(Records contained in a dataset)

━━━━━━━━━━━━━━━━━━━━━━━━━━━━━━

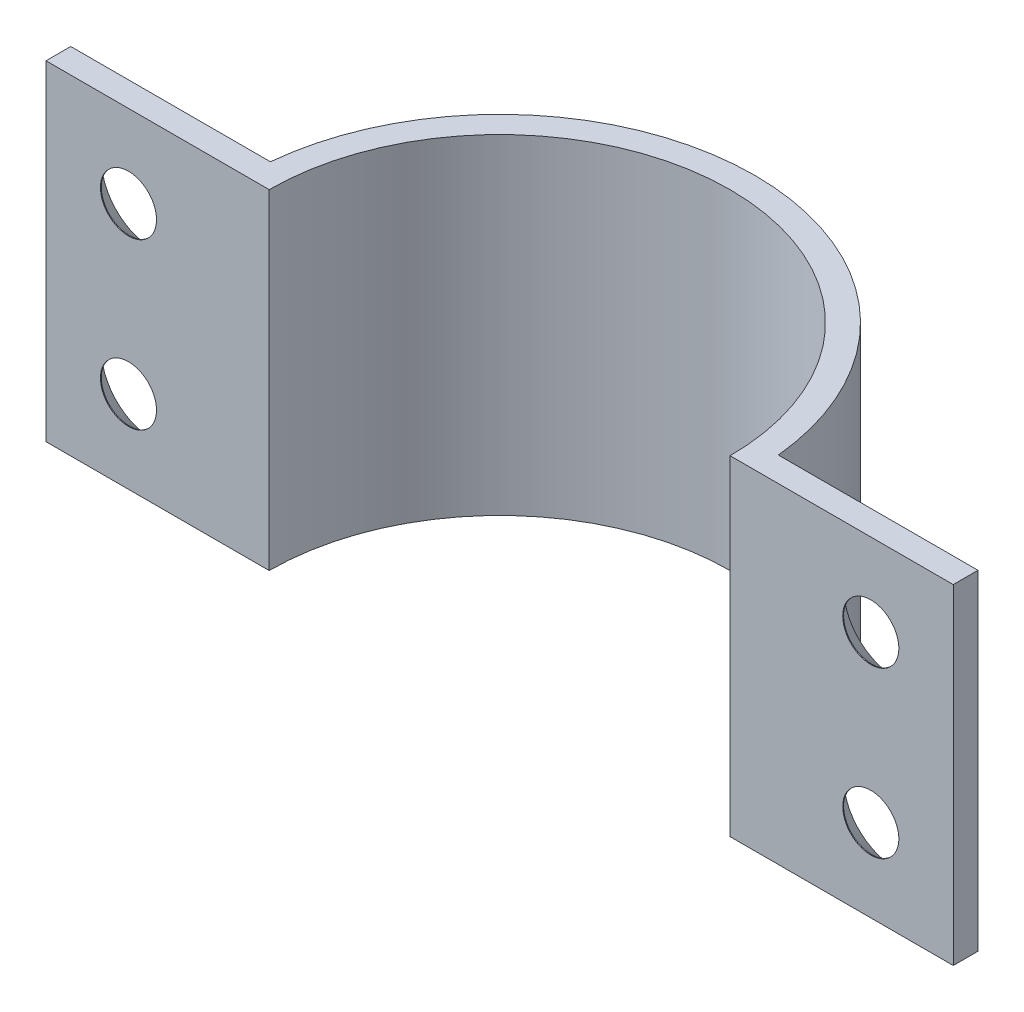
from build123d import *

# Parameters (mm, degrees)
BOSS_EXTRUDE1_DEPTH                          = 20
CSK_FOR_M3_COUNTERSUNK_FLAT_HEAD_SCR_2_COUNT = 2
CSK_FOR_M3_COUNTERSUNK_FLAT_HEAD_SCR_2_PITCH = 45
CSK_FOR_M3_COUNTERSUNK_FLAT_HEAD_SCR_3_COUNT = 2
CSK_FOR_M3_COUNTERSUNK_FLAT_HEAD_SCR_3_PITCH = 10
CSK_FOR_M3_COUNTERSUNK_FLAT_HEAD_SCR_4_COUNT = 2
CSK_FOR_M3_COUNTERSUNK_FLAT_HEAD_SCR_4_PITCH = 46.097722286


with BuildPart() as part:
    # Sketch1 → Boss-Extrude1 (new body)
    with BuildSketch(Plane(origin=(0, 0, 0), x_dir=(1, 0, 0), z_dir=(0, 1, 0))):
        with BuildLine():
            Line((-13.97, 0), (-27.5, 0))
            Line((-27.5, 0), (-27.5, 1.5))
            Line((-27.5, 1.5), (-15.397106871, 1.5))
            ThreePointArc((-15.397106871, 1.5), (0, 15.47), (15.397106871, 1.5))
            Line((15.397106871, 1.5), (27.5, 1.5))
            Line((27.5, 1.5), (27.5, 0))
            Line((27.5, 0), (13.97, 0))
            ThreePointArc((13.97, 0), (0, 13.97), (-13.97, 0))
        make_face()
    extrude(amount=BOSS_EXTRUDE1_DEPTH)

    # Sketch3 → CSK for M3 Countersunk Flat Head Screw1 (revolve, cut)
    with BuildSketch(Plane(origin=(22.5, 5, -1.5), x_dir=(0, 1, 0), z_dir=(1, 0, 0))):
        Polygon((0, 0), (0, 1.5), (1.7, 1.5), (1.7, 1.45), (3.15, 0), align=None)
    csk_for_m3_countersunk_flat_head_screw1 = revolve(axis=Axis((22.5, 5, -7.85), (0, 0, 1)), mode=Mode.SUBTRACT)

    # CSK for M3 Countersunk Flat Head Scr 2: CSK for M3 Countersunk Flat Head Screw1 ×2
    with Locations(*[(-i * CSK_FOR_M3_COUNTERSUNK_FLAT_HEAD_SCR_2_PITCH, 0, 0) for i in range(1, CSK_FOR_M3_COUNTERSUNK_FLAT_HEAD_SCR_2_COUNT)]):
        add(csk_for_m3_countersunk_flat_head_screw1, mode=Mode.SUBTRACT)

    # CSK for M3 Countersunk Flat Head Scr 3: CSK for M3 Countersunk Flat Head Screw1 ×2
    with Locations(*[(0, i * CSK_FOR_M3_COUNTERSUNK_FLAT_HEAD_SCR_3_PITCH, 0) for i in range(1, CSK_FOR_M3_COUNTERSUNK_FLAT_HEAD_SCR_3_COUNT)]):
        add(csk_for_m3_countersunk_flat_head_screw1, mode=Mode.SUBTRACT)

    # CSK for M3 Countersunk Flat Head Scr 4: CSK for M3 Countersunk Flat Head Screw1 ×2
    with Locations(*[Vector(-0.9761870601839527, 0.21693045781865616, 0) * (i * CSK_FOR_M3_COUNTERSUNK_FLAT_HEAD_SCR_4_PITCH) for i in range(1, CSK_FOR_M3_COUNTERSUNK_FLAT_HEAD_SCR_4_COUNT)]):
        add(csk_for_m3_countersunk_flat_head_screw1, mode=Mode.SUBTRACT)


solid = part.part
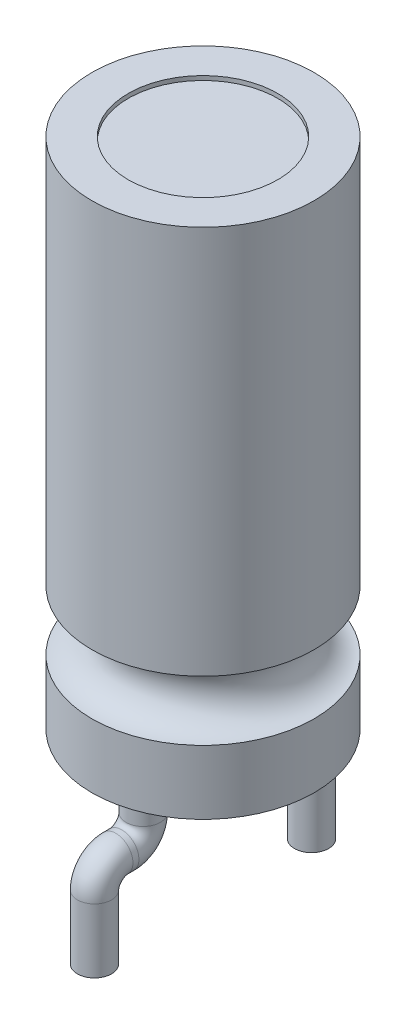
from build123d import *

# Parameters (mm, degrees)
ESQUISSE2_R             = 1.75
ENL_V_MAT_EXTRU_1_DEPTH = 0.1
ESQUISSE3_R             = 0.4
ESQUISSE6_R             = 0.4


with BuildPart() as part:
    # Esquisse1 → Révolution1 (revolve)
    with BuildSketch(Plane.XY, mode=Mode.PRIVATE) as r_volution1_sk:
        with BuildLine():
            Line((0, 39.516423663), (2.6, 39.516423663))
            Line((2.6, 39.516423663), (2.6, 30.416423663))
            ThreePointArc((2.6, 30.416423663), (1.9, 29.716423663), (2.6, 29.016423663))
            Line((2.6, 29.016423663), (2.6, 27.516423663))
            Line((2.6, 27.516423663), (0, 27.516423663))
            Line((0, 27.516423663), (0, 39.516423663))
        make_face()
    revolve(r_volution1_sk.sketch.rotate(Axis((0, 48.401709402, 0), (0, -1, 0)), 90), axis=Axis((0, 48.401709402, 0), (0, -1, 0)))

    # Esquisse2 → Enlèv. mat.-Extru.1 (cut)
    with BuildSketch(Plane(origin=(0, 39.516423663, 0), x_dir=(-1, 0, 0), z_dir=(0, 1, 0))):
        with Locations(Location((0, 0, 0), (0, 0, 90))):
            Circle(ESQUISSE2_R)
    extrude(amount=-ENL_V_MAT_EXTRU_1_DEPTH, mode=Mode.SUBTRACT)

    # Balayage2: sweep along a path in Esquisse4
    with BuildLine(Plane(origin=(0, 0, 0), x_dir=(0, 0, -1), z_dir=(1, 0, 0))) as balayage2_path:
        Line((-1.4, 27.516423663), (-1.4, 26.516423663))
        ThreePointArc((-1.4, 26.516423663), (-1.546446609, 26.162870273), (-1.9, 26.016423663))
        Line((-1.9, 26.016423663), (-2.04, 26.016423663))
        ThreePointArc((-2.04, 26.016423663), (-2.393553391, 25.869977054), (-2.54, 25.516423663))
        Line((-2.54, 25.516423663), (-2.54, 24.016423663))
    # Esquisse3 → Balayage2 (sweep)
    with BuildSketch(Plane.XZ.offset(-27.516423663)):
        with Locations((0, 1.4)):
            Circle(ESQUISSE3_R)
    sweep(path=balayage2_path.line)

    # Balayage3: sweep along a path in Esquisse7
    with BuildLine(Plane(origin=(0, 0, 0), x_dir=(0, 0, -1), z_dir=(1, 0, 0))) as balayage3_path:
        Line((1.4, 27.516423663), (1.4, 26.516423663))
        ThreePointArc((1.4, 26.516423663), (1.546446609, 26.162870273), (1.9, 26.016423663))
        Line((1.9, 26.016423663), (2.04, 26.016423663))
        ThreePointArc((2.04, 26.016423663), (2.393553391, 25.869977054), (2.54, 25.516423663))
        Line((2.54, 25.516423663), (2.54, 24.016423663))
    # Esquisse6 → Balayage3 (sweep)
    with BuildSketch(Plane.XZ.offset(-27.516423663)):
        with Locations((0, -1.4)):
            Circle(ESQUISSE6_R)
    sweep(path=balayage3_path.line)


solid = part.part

━━━━━━━━━━━━━━━━━━━━━━━━━━━━━━

_Aim of the task_:
Transcribe the entries above verbatim, excluding any image.

_Output of the task_:
from build123d import *

# Parameters (mm, degrees)
BOSS_EXTRUDE1_DEPTH                          = 20
CSK_FOR_M3_COUNTERSUNK_FLAT_HEAD_SCR_2_COUNT = 2
CSK_FOR_M3_COUNTERSUNK_FLAT_HEAD_SCR_2_PITCH = 45
CSK_FOR_M3_COUNTERSUNK_FLAT_HEAD_SCR_3_COUNT = 2
CSK_FOR_M3_COUNTERSUNK_FLAT_HEAD_SCR_3_PITCH = 10
CSK_FOR_M3_COUNTERSUNK_FLAT_HEAD_SCR_4_COUNT = 2
CSK_FOR_M3_COUNTERSUNK_FLAT_HEAD_SCR_4_PITCH = 46.097722286


with BuildPart() as part:
    # Sketch1 → Boss-Extrude1 (new body)
    with BuildSketch(Plane(origin=(0, 0, 0), x_dir=(1, 0, 0), z_dir=(0, 1, 0))):
        with BuildLine():
            Line((-13.97, 0), (-27.5, 0))
            Line((-27.5, 0), (-27.5, 1.5))
            Line((-27.5, 1.5), (-15.397106871, 1.5))
            ThreePointArc((-15.397106871, 1.5), (0, 15.47), (15.397106871, 1.5))
            Line((15.397106871, 1.5), (27.5, 1.5))
            Line((27.5, 1.5), (27.5, 0))
            Line((27.5, 0), (13.97, 0))
            ThreePointArc((13.97, 0), (0, 13.97), (-13.97, 0))
        make_face()
    extrude(amount=BOSS_EXTRUDE1_DEPTH)

    # Sketch3 → CSK for M3 Countersunk Flat Head Screw1 (revolve, cut)
    with BuildSketch(Plane(origin=(22.5, 5, -1.5), x_dir=(0, 1, 0), z_dir=(1, 0, 0))):
        Polygon((0, 0), (0, 1.5), (1.7, 1.5), (1.7, 1.45), (3.15, 0), align=None)
    csk_for_m3_countersunk_flat_head_screw1 = revolve(axis=Axis((22.5, 5, -7.85), (0, 0, 1)), mode=Mode.SUBTRACT)

    # CSK for M3 Countersunk Flat Head Scr 2: CSK for M3 Countersunk Flat Head Screw1 ×2
    with Locations(*[(-i * CSK_FOR_M3_COUNTERSUNK_FLAT_HEAD_SCR_2_PITCH, 0, 0) for i in range(1, CSK_FOR_M3_COUNTERSUNK_FLAT_HEAD_SCR_2_COUNT)]):
        add(csk_for_m3_countersunk_flat_head_screw1, mode=Mode.SUBTRACT)

    # CSK for M3 Countersunk Flat Head Scr 3: CSK for M3 Countersunk Flat Head Screw1 ×2
    with Locations(*[(0, i * CSK_FOR_M3_COUNTERSUNK_FLAT_HEAD_SCR_3_PITCH, 0) for i in range(1, CSK_FOR_M3_COUNTERSUNK_FLAT_HEAD_SCR_3_COUNT)]):
        add(csk_for_m3_countersunk_flat_head_screw1, mode=Mode.SUBTRACT)

    # CSK for M3 Countersunk Flat Head Scr 4: CSK for M3 Countersunk Flat Head Screw1 ×2
    with Locations(*[Vector(-0.9761870601839527, 0.21693045781865616, 0) * (i * CSK_FOR_M3_COUNTERSUNK_FLAT_HEAD_SCR_4_PITCH) for i in range(1, CSK_FOR_M3_COUNTERSUNK_FLAT_HEAD_SCR_4_COUNT)]):
        add(csk_for_m3_countersunk_flat_head_screw1, mode=Mode.SUBTRACT)


solid = part.part
from build123d import *

# Parameters (mm, degrees)
ESQUISSE2_R             = 1.75
ENL_V_MAT_EXTRU_1_DEPTH = 0.1
ESQUISSE3_R             = 0.4
ESQUISSE6_R             = 0.4


with BuildPart() as part:
    # Esquisse1 → Révolution1 (revolve)
    with BuildSketch(Plane.XY, mode=Mode.PRIVATE) as r_volution1_sk:
        with BuildLine():
            Line((0, 39.516423663), (2.6, 39.516423663))
            Line((2.6, 39.516423663), (2.6, 30.416423663))
            ThreePointArc((2.6, 30.416423663), (1.9, 29.716423663), (2.6, 29.016423663))
            Line((2.6, 29.016423663), (2.6, 27.516423663))
            Line((2.6, 27.516423663), (0, 27.516423663))
            Line((0, 27.516423663), (0, 39.516423663))
        make_face()
    revolve(r_volution1_sk.sketch.rotate(Axis((0, 48.401709402, 0), (0, -1, 0)), 90), axis=Axis((0, 48.401709402, 0), (0, -1, 0)))

    # Esquisse2 → Enlèv. mat.-Extru.1 (cut)
    with BuildSketch(Plane(origin=(0, 39.516423663, 0), x_dir=(-1, 0, 0), z_dir=(0, 1, 0))):
        with Locations(Location((0, 0, 0), (0, 0, 90))):
            Circle(ESQUISSE2_R)
    extrude(amount=-ENL_V_MAT_EXTRU_1_DEPTH, mode=Mode.SUBTRACT)

    # Balayage2: sweep along a path in Esquisse4
    with BuildLine(Plane(origin=(0, 0, 0), x_dir=(0, 0, -1), z_dir=(1, 0, 0))) as balayage2_path:
        Line((-1.4, 27.516423663), (-1.4, 26.516423663))
        ThreePointArc((-1.4, 26.516423663), (-1.546446609, 26.162870273), (-1.9, 26.016423663))
        Line((-1.9, 26.016423663), (-2.04, 26.016423663))
        ThreePointArc((-2.04, 26.016423663), (-2.393553391, 25.869977054), (-2.54, 25.516423663))
        Line((-2.54, 25.516423663), (-2.54, 24.016423663))
    # Esquisse3 → Balayage2 (sweep)
    with BuildSketch(Plane.XZ.offset(-27.516423663)):
        with Locations((0, 1.4)):
            Circle(ESQUISSE3_R)
    sweep(path=balayage2_path.line)

    # Balayage3: sweep along a path in Esquisse7
    with BuildLine(Plane(origin=(0, 0, 0), x_dir=(0, 0, -1), z_dir=(1, 0, 0))) as balayage3_path:
        Line((1.4, 27.516423663), (1.4, 26.516423663))
        ThreePointArc((1.4, 26.516423663), (1.546446609, 26.162870273), (1.9, 26.016423663))
        Line((1.9, 26.016423663), (2.04, 26.016423663))
        ThreePointArc((2.04, 26.016423663), (2.393553391, 25.869977054), (2.54, 25.516423663))
        Line((2.54, 25.516423663), (2.54, 24.016423663))
    # Esquisse6 → Balayage3 (sweep)
    with BuildSketch(Plane.XZ.offset(-27.516423663)):
        with Locations((0, -1.4)):
            Circle(ESQUISSE6_R)
    sweep(path=balayage3_path.line)


solid = part.part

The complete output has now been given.